* [DESCRIPTION OF THE TASK]: Report back each line of the data that contains the word "fillet".
[Opening THE DATA section]
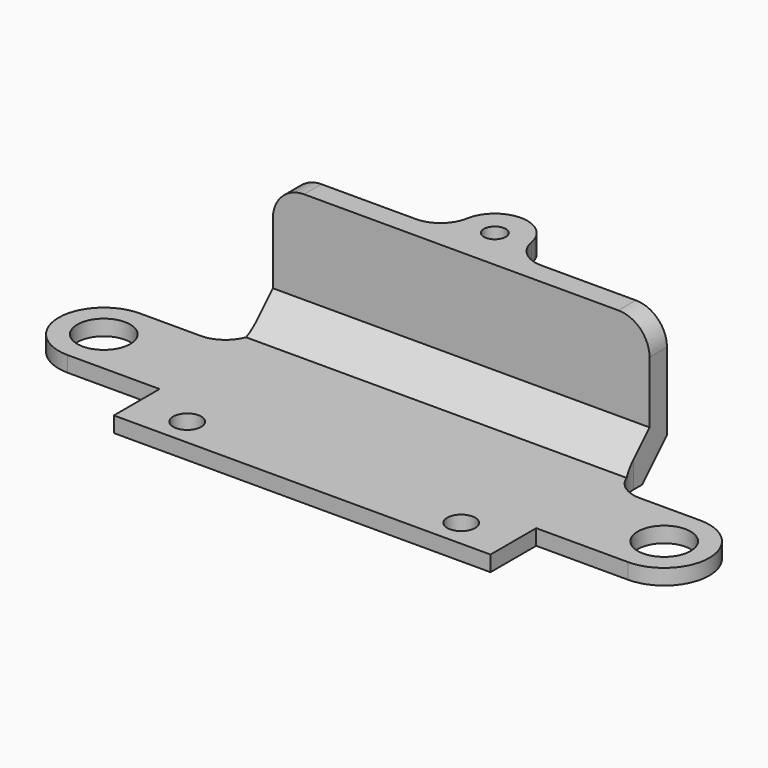
from build123d import *

# Parameters (mm, degrees)
F0_R        = 4.25
F1_DEPTH    = 2.5
F2_W        = 30.2444149011
F2_H        = 3.5
F3_DEPTH    = 19.918
F5_R        = 1.75
F6_DEPTH    = 3
F8_D        = 4.4958
F9_T1_DEPTH = 2.5
F9_T3_DEPTH = 3
F9_T5_DEPTH = 28.5
F10_SIZE    = 5


# Not quite as in the source:
# - a fillet or chamfer that OpenCascade refuses, or shapes differently, is made with other operations: its cross-section is extruded or revolved along the edge and cut away or added


with BuildPart() as f1:
    # F0 (on Top) → F1 (new body)
    with BuildSketch(Plane.XY):
        with BuildLine():
            Line((-30.2444149011, 7.25), (-45, 7.25))
            ThreePointArc((-45, 7.25), (-52.25, 0), (-45, -7.25))
            Line((-45, -7.25), (-30.2444149011, -7.25))
            Line((-30.2444149011, -7.25), (-30.2444149011, -16.4255911708))
            Line((-30.2444149011, -16.4255911708), (0, -16.4255911708))
            Line((0, -16.4255911708), (0, 19))
            Line((0, 19), (-30.2444149011, 19))
            Line((-30.2444149011, 19), (-30.2444149011, 7.25))
        make_face()
        with Locations((-45, 0)):
            Circle(F0_R, mode=Mode.SUBTRACT)
    extrude(amount=F1_DEPTH)

    # F2 (on face) → F3 (join)
    with BuildSketch(Plane.XY.offset(2.5)):
        with Locations((-15.1222074506, 17.25)):
            Rectangle(F2_W, F2_H)
    extrude(amount=F3_DEPTH)

    # F4: F1 across plane


with BuildPart() as f1_1:
    add(f1.part)
    add(f1.part.mirror(Plane.YZ))

    # F5 (on face) → F6 (join)
    with BuildSketch(Plane.XY.offset(22.418)):
        with BuildLine():
            ThreePointArc((4.1231056256, 19), (4.9602824786, 20.5300878706), (5.25, 22.25))
            ThreePointArc((5.25, 22.25), (-1.7199121294, 27.2102824786), (-4.1231056256, 19))
            Line((-4.1231056256, 19), (4.1231056256, 19))
        make_face()
        with Locations((0, 22.25)):
            Circle(F5_R, mode=Mode.SUBTRACT)
    extrude(amount=-F6_DEPTH)

    # F8 (through all)
    with Locations(Plane(origin=(0, 0, 0), x_dir=(1, 0, 0), z_dir=(0, 0, -1))):
        with Locations((-22, 12), (22, 12)):
            Hole(F8_D / 2)

    # F9: fillet of radius 5 on 6 edges, made by hand

    # F9_s2 → F9_t1 (join)
    with BuildSketch(Plane.XY):
        with BuildLine():
            ThreePointArc((30.2444149011, 12.25), (31.7088809952, 8.7144660941), (35.2444149011, 7.25))
            Line((35.2444149011, 7.25), (30.2444149011, 7.25))
            Line((30.2444149011, 7.25), (30.2444149011, 12.25))
        make_face()
        with BuildLine():
            ThreePointArc((-35.2444149011, 7.25), (-31.7088809952, 8.7144660941), (-30.2444149011, 12.25))
            Line((-30.2444149011, 12.25), (-30.2444149011, 7.25))
            Line((-30.2444149011, 7.25), (-35.2444149011, 7.25))
        make_face()
    extrude(amount=F9_T1_DEPTH)

    # F9_s4 → F9_t3 (join)
    with BuildSketch(Plane.XY.offset(19.418)):
        with BuildLine():
            ThreePointArc((10.0995049384, 19), (6.8799003573, 20.1745397216), (5.1729171636, 23.1463414634))
            ThreePointArc((5.1729171636, 23.1463414634), (5.0894053491, 20.9614142663), (4.1231056256, 19))
            Line((4.1231056256, 19), (10.0995049384, 19))
        make_face()
        with BuildLine():
            ThreePointArc((-10.0995049384, 19), (-6.8799003573, 20.1745397216), (-5.1729171636, 23.1463414634))
            ThreePointArc((-5.1729171636, 23.1463414634), (-5.0894053491, 20.9614142663), (-4.1231056256, 19))
            Line((-4.1231056256, 19), (-10.0995049384, 19))
        make_face()
    extrude(amount=F9_T3_DEPTH)

    # F9_s6 → F9_t5 (cut)
    with BuildSketch(Plane.XZ.offset(-31.5)):
        with BuildLine():
            ThreePointArc((-30.2444149011, 17.418), (-28.7799488071, 20.9535339059), (-25.2444149011, 22.418))
            Line((-25.2444149011, 22.418), (-30.2444149011, 22.418))
            Line((-30.2444149011, 22.418), (-30.2444149011, 17.418))
        make_face()
        with BuildLine():
            ThreePointArc((25.2444149011, 22.418), (28.7799488071, 20.9535339059), (30.2444149011, 17.418))
            Line((30.2444149011, 17.418), (30.2444149011, 22.418))
            Line((30.2444149011, 22.418), (25.2444149011, 22.418))
        make_face()
    extrude(amount=F9_T5_DEPTH, mode=Mode.SUBTRACT)

    # F10
    f10_edges = [f1_1.edges().sort_by_distance(p)[0] for p in [
        (0, 19, 0),
        (0, 15.5, 2.5),
    ]]
    chamfer(f10_edges, length=F10_SIZE)


solid = f1_1.part
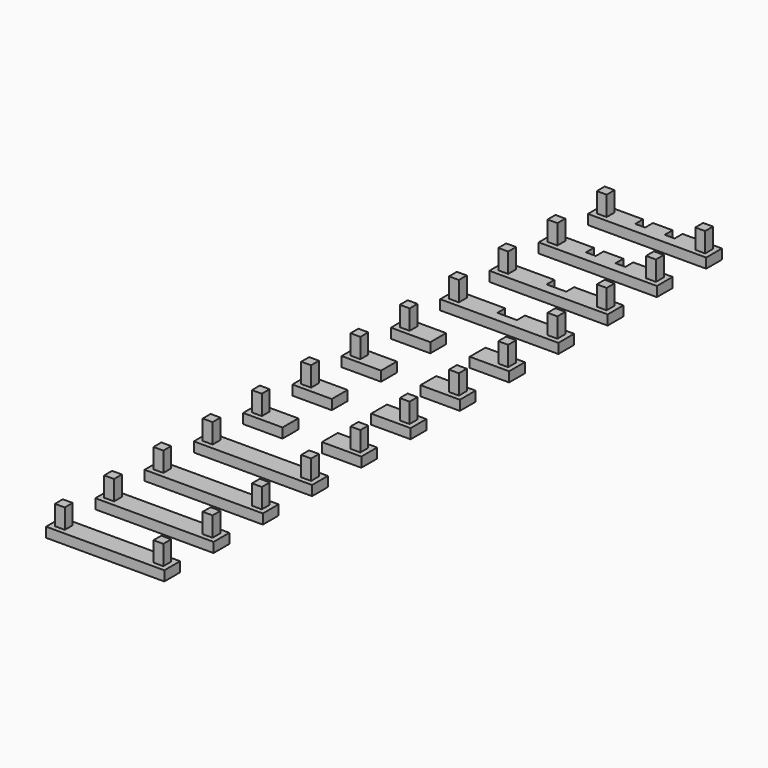
from build123d import *

# Parameters (mm, degrees)
F1_W     = 48
F1_H     = 8
F2_DEPTH = 4
F1_W_2   = 16
F3_W     = 4
F3_H     = 4
F4_DEPTH = 4.001
F5_DEPTH = 8


# Not quite as in the source:
# - a feature names something its author has since deleted; it is built from what else it names


with BuildPart() as f2:
    # F1 (on Top) → F2 (new body)
    with BuildSketch(Plane.XY):
        Rectangle(F1_W, F1_H)
    extrude(amount=F2_DEPTH)


with BuildPart() as f2b:
    # F1 (on Top) → F2, piece 2 (new body)
    with BuildSketch(Plane.XY):
        with Locations((0, 25)):
            Rectangle(F1_W, F1_H)
    extrude(amount=F2_DEPTH)


with BuildPart() as f2c:
    # F1 (on Top) → F2, piece 3 (new body)
    with BuildSketch(Plane.XY):
        with Locations((0, 50)):
            Rectangle(F1_W, F1_H)
    extrude(amount=F2_DEPTH)


with BuildPart() as f2d:
    # F1 (on Top) → F2, piece 4 (new body)
    with BuildSketch(Plane.XY):
        with Locations((0, 75)):
            Rectangle(F1_W, F1_H)
    extrude(amount=F2_DEPTH)


with BuildPart() as f2e:
    # F1 (on Top) → F2, piece 5 (new body)
    with BuildSketch(Plane.XY):
        with Locations((-16, 100)):
            Rectangle(F1_W_2, F1_H)
    extrude(amount=F2_DEPTH)


with BuildPart() as f2f:
    # F1 (on Top) → F2, piece 6 (new body)
    with BuildSketch(Plane.XY):
        with Locations((-16, 125)):
            Rectangle(F1_W_2, F1_H)
    extrude(amount=F2_DEPTH)


with BuildPart() as f2g:
    # F1 (on Top) → F2, piece 7 (new body)
    with BuildSketch(Plane.XY):
        with Locations((-16, 150)):
            Rectangle(F1_W_2, F1_H)
    extrude(amount=F2_DEPTH)


with BuildPart() as f2h:
    # F1 (on Top) → F2, piece 8 (new body)
    with BuildSketch(Plane.XY):
        with Locations((-16, 175)):
            Rectangle(F1_W_2, F1_H)
    extrude(amount=F2_DEPTH)


with BuildPart() as f2i:
    # F1 (on Top) → F2, piece 9 (new body)
    with BuildSketch(Plane.XY):
        with Locations((16, 175)):
            Rectangle(F1_W_2, F1_H)
    extrude(amount=F2_DEPTH)


with BuildPart() as f2j:
    # F1 (on Top) → F2, piece 10 (new body)
    with BuildSketch(Plane.XY):
        with Locations((16, 150)):
            Rectangle(F1_W_2, F1_H)
    extrude(amount=F2_DEPTH)


with BuildPart() as f2k:
    # F1 (on Top) → F2, piece 11 (new body)
    with BuildSketch(Plane.XY):
        with Locations((16, 125)):
            Rectangle(F1_W_2, F1_H)
    extrude(amount=F2_DEPTH)


with BuildPart() as f2l:
    # F1 (on Top) → F2, piece 12 (new body)
    with BuildSketch(Plane.XY):
        with Locations((16, 100)):
            Rectangle(F1_W_2, F1_H)
    extrude(amount=F2_DEPTH)


with BuildPart() as f2m:
    # F1 (on Top) → F2, piece 13 (new body)
    with BuildSketch(Plane.XY):
        Polygon((-24, 204), (-24, 196), (24, 196), (24, 204), (4, 204), (4, 200), (-4, 200), (-4, 204), align=None)
    extrude(amount=F2_DEPTH)


with BuildPart() as f2n:
    # F1 (on Top) → F2, piece 14 (new body)
    with BuildSketch(Plane.XY):
        Polygon((-24, 229), (-24, 221), (24, 221), (24, 229), (4, 229), (4, 225), (-4, 225), (-4, 229), align=None)
    extrude(amount=F2_DEPTH)


with BuildPart() as f2o:
    # F1 (on Top) → F2, piece 15 (new body)
    with BuildSketch(Plane.XY):
        Polygon((-24, 254), (-24, 246), (24, 246), (24, 254), (8, 254), (8, 250), (4, 250), (4, 254), (-4, 254), (-4, 250), (-8, 250), (-8, 254), align=None)
    extrude(amount=F2_DEPTH)


with BuildPart() as f2p:
    # F1 (on Top) → F2, piece 16 (new body)
    with BuildSketch(Plane.XY):
        Polygon((-24, 279), (-24, 271), (24, 271), (24, 279), (8, 279), (8, 275), (4, 275), (4, 279), (-4, 279), (-4, 275), (-8, 275), (-8, 279), align=None)
    extrude(amount=F2_DEPTH)


with BuildPart() as f4_tool:
    # F3 (on face) → F4 (new body, through all)
    with BuildSketch(Plane.XY.offset(4)):
        with Locations((20, 275)):
            Rectangle(F3_W, F3_H)
        with Locations((-20, 275)):
            Rectangle(F3_W, F3_H)
        with Locations((-20, 250)):
            Rectangle(F3_W, F3_H)
        with Locations((20, 250)):
            Rectangle(F3_W, F3_H)
        with Locations((-20, 225)):
            Rectangle(F3_W, F3_H)
        with Locations((20, 225)):
            Rectangle(F3_W, F3_H)
        with Locations((-20, 200)):
            Rectangle(F3_W, F3_H)
        with Locations((20, 200)):
            Rectangle(F3_W, F3_H)
        with Locations((-20, 175)):
            Rectangle(F3_W, F3_H)
        with Locations((20, 175)):
            Rectangle(F3_W, F3_H)
        with Locations((-20, 150)):
            Rectangle(F3_W, F3_H)
        with Locations((20, 150)):
            Rectangle(F3_W, F3_H)
        with Locations((-20, 125)):
            Rectangle(F3_W, F3_H)
        with Locations((20, 125)):
            Rectangle(F3_W, F3_H)
        with Locations((-20, 100)):
            Rectangle(F3_W, F3_H)
        with Locations((20, 100)):
            Rectangle(F3_W, F3_H)
        with Locations((-20, 75)):
            Rectangle(F3_W, F3_H)
        with Locations((20, 75)):
            Rectangle(F3_W, F3_H)
        with Locations((20, 50)):
            Rectangle(F3_W, F3_H)
        with Locations((-20, 50)):
            Rectangle(F3_W, F3_H)
        with Locations((-20, 25)):
            Rectangle(F3_W, F3_H)
        with Locations((20, 25)):
            Rectangle(F3_W, F3_H)
        with Locations((-20, 0)):
            Rectangle(F3_W, F3_H)
        with Locations((20, 0)):
            Rectangle(F3_W, F3_H)
    extrude(amount=-F4_DEPTH)


with BuildPart() as f2_1:
    add(f2.part)

    # F4: cut by f4_tool
    add(f4_tool.part, mode=Mode.SUBTRACT)


with BuildPart() as f2b_1:
    add(f2b.part)

    # F4: cut by f4_tool
    add(f4_tool.part, mode=Mode.SUBTRACT)


with BuildPart() as f2c_1:
    add(f2c.part)

    # F4: cut by f4_tool
    add(f4_tool.part, mode=Mode.SUBTRACT)


with BuildPart() as f2d_1:
    add(f2d.part)

    # F4: cut by f4_tool
    add(f4_tool.part, mode=Mode.SUBTRACT)


with BuildPart() as f2e_1:
    add(f2e.part)

    # F4: cut by f4_tool
    add(f4_tool.part, mode=Mode.SUBTRACT)


with BuildPart() as f2f_1:
    add(f2f.part)

    # F4: cut by f4_tool
    add(f4_tool.part, mode=Mode.SUBTRACT)


with BuildPart() as f2g_1:
    add(f2g.part)

    # F4: cut by f4_tool
    add(f4_tool.part, mode=Mode.SUBTRACT)


with BuildPart() as f2h_1:
    add(f2h.part)

    # F4: cut by f4_tool
    add(f4_tool.part, mode=Mode.SUBTRACT)


with BuildPart() as f2i_1:
    add(f2i.part)

    # F4: cut by f4_tool
    add(f4_tool.part, mode=Mode.SUBTRACT)


with BuildPart() as f2j_1:
    add(f2j.part)

    # F4: cut by f4_tool
    add(f4_tool.part, mode=Mode.SUBTRACT)


with BuildPart() as f2k_1:
    add(f2k.part)

    # F4: cut by f4_tool
    add(f4_tool.part, mode=Mode.SUBTRACT)


with BuildPart() as f2l_1:
    add(f2l.part)

    # F4: cut by f4_tool
    add(f4_tool.part, mode=Mode.SUBTRACT)


with BuildPart() as f2m_1:
    add(f2m.part)

    # F4: cut by f4_tool
    add(f4_tool.part, mode=Mode.SUBTRACT)


with BuildPart() as f2n_1:
    add(f2n.part)

    # F4: cut by f4_tool
    add(f4_tool.part, mode=Mode.SUBTRACT)


with BuildPart() as f2o_1:
    add(f2o.part)

    # F4: cut by f4_tool
    add(f4_tool.part, mode=Mode.SUBTRACT)


with BuildPart() as f2p_1:
    add(f2p.part)

    # F4: cut by f4_tool
    add(f4_tool.part, mode=Mode.SUBTRACT)


with BuildPart() as f5:
    # F3 (on face) → F5 (new body)
    with BuildSketch(Plane.XY.offset(4)):
        with Locations((-20, 0)):
            Rectangle(F3_W, F3_H)
    extrude(amount=F5_DEPTH)


with BuildPart() as f5b:
    # F3 (on face) → F5, piece 2 (new body)
    with BuildSketch(Plane.XY.offset(4)):
        with Locations((20, 0)):
            Rectangle(F3_W, F3_H)
    extrude(amount=F5_DEPTH)


with BuildPart() as f5c:
    # F3 (on face) → F5, piece 3 (new body)
    with BuildSketch(Plane.XY.offset(4)):
        with Locations((20, 25)):
            Rectangle(F3_W, F3_H)
    extrude(amount=F5_DEPTH)


with BuildPart() as f5d:
    # F3 (on face) → F5, piece 4 (new body)
    with BuildSketch(Plane.XY.offset(4)):
        with Locations((-20, 25)):
            Rectangle(F3_W, F3_H)
    extrude(amount=F5_DEPTH)


with BuildPart() as f5e:
    # F3 (on face) → F5, piece 5 (new body)
    with BuildSketch(Plane.XY.offset(4)):
        with Locations((-20, 50)):
            Rectangle(F3_W, F3_H)
    extrude(amount=F5_DEPTH)


with BuildPart() as f5f:
    # F3 (on face) → F5, piece 6 (new body)
    with BuildSketch(Plane.XY.offset(4)):
        with Locations((-20, 75)):
            Rectangle(F3_W, F3_H)
    extrude(amount=F5_DEPTH)


with BuildPart() as f5g:
    # F3 (on face) → F5, piece 7 (new body)
    with BuildSketch(Plane.XY.offset(4)):
        with Locations((20, 75)):
            Rectangle(F3_W, F3_H)
    extrude(amount=F5_DEPTH)


with BuildPart() as f5h:
    # F3 (on face) → F5, piece 8 (new body)
    with BuildSketch(Plane.XY.offset(4)):
        with Locations((20, 50)):
            Rectangle(F3_W, F3_H)
    extrude(amount=F5_DEPTH)


with BuildPart() as f5i:
    # F3 (on face) → F5, piece 9 (new body)
    with BuildSketch(Plane.XY.offset(4)):
        with Locations((20, 100)):
            Rectangle(F3_W, F3_H)
    extrude(amount=F5_DEPTH)


with BuildPart() as f5j:
    # F3 (on face) → F5, piece 10 (new body)
    with BuildSketch(Plane.XY.offset(4)):
        with Locations((-20, 100)):
            Rectangle(F3_W, F3_H)
    extrude(amount=F5_DEPTH)


with BuildPart() as f5k:
    # F3 (on face) → F5, piece 11 (new body)
    with BuildSketch(Plane.XY.offset(4)):
        with Locations((-20, 125)):
            Rectangle(F3_W, F3_H)
    extrude(amount=F5_DEPTH)


with BuildPart() as f5l:
    # F3 (on face) → F5, piece 12 (new body)
    with BuildSketch(Plane.XY.offset(4)):
        with Locations((20, 125)):
            Rectangle(F3_W, F3_H)
    extrude(amount=F5_DEPTH)


with BuildPart() as f5m:
    # F3 (on face) → F5, piece 13 (new body)
    with BuildSketch(Plane.XY.offset(4)):
        with Locations((20, 150)):
            Rectangle(F3_W, F3_H)
    extrude(amount=F5_DEPTH)


with BuildPart() as f5n:
    # F3 (on face) → F5, piece 14 (new body)
    with BuildSketch(Plane.XY.offset(4)):
        with Locations((-20, 150)):
            Rectangle(F3_W, F3_H)
    extrude(amount=F5_DEPTH)


with BuildPart() as f5o:
    # F3 (on face) → F5, piece 15 (new body)
    with BuildSketch(Plane.XY.offset(4)):
        with Locations((-20, 175)):
            Rectangle(F3_W, F3_H)
    extrude(amount=F5_DEPTH)


with BuildPart() as f5p:
    # F3 (on face) → F5, piece 16 (new body)
    with BuildSketch(Plane.XY.offset(4)):
        with Locations((20, 175)):
            Rectangle(F3_W, F3_H)
    extrude(amount=F5_DEPTH)


with BuildPart() as f5q:
    # F3 (on face) → F5, piece 17 (new body)
    with BuildSketch(Plane.XY.offset(4)):
        with Locations((-20, 200)):
            Rectangle(F3_W, F3_H)
    extrude(amount=F5_DEPTH)


with BuildPart() as f5r:
    # F3 (on face) → F5, piece 18 (new body)
    with BuildSketch(Plane.XY.offset(4)):
        with Locations((20, 200)):
            Rectangle(F3_W, F3_H)
    extrude(amount=F5_DEPTH)


with BuildPart() as f5s:
    # F3 (on face) → F5, piece 19 (new body)
    with BuildSketch(Plane.XY.offset(4)):
        with Locations((20, 225)):
            Rectangle(F3_W, F3_H)
    extrude(amount=F5_DEPTH)


with BuildPart() as f5t:
    # F3 (on face) → F5, piece 20 (new body)
    with BuildSketch(Plane.XY.offset(4)):
        with Locations((-20, 225)):
            Rectangle(F3_W, F3_H)
    extrude(amount=F5_DEPTH)


with BuildPart() as f5u:
    # F3 (on face) → F5, piece 21 (new body)
    with BuildSketch(Plane.XY.offset(4)):
        with Locations((-20, 250)):
            Rectangle(F3_W, F3_H)
    extrude(amount=F5_DEPTH)


with BuildPart() as f5v:
    # F3 (on face) → F5, piece 22 (new body)
    with BuildSketch(Plane.XY.offset(4)):
        with Locations((20, 250)):
            Rectangle(F3_W, F3_H)
    extrude(amount=F5_DEPTH)


with BuildPart() as f5w:
    # F3 (on face) → F5, piece 23 (new body)
    with BuildSketch(Plane.XY.offset(4)):
        with Locations((20, 275)):
            Rectangle(F3_W, F3_H)
    extrude(amount=F5_DEPTH)


with BuildPart() as f5x:
    # F3 (on face) → F5, piece 24 (new body)
    with BuildSketch(Plane.XY.offset(4)):
        with Locations((-20, 275)):
            Rectangle(F3_W, F3_H)
    extrude(amount=F5_DEPTH)


solid = Compound([f2_1.part, f2b_1.part, f2c_1.part, f2d_1.part, f2e_1.part, f2f_1.part, f2g_1.part, f2h_1.part, f2i_1.part, f2j_1.part, f2k_1.part, f2l_1.part, f2m_1.part, f2n_1.part, f2o_1.part, f2p_1.part, f5.part, f5b.part, f5c.part, f5d.part, f5e.part, f5f.part, f5g.part, f5h.part, f5i.part, f5j.part, f5k.part, f5l.part, f5m.part, f5n.part, f5o.part, f5p.part, f5q.part, f5r.part, f5s.part, f5t.part, f5u.part, f5v.part, f5w.part, f5x.part])
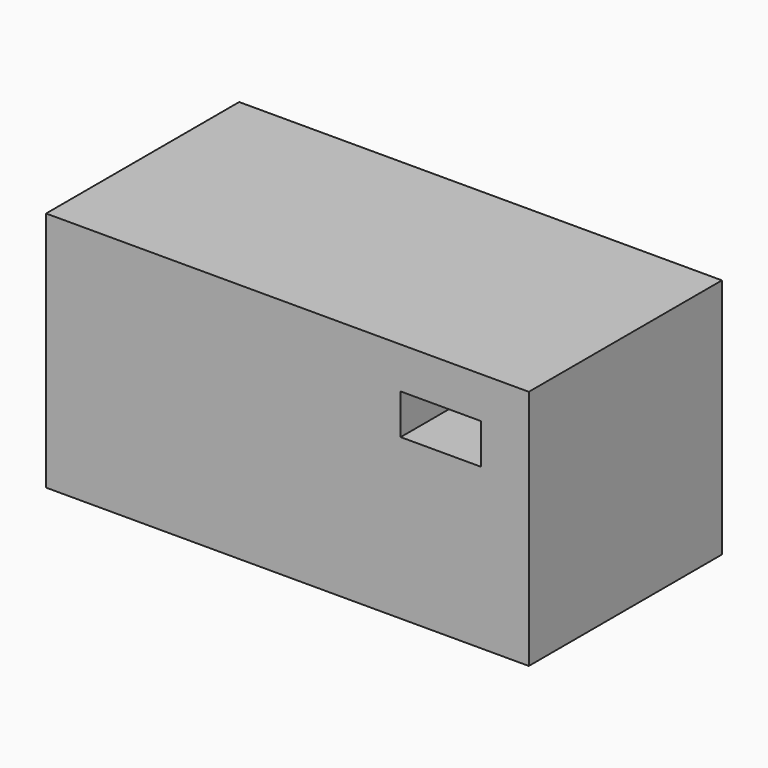
from build123d import *

# Parameters (mm, degrees)
F0_W     = 76.2
F0_H     = 38.1
F0_W_2   = 12.7
F0_H_2   = 6.35
F1_DEPTH = 38.1


# Not quite as in the source:
# - the program builds the solid bodies; features that only make, move or delete a surface that nothing else refers to are left out


with BuildPart() as f1:
    # F0 (on Front) → F1 (new body)
    with BuildSketch(Plane.XZ):
        with Locations((-24.3708645046, 23.7796551056)):
            Rectangle(F0_W, F0_H)
        with Locations((-0.1532746643, 33.1294818699)):
            Rectangle(F0_W_2, F0_H_2, mode=Mode.SUBTRACT)
    extrude(amount=F1_DEPTH)


solid = f1.part
[Closing THE DATA section]
* [EXERCISE OUTPUT]:
# - a fillet or chamfer that OpenCascade refuses, or shapes differently, is made with other operations: its cross-section is extruded or revolved along the edge and cut away or added
    # F9: fillet of radius 5 on 6 edges, made by hand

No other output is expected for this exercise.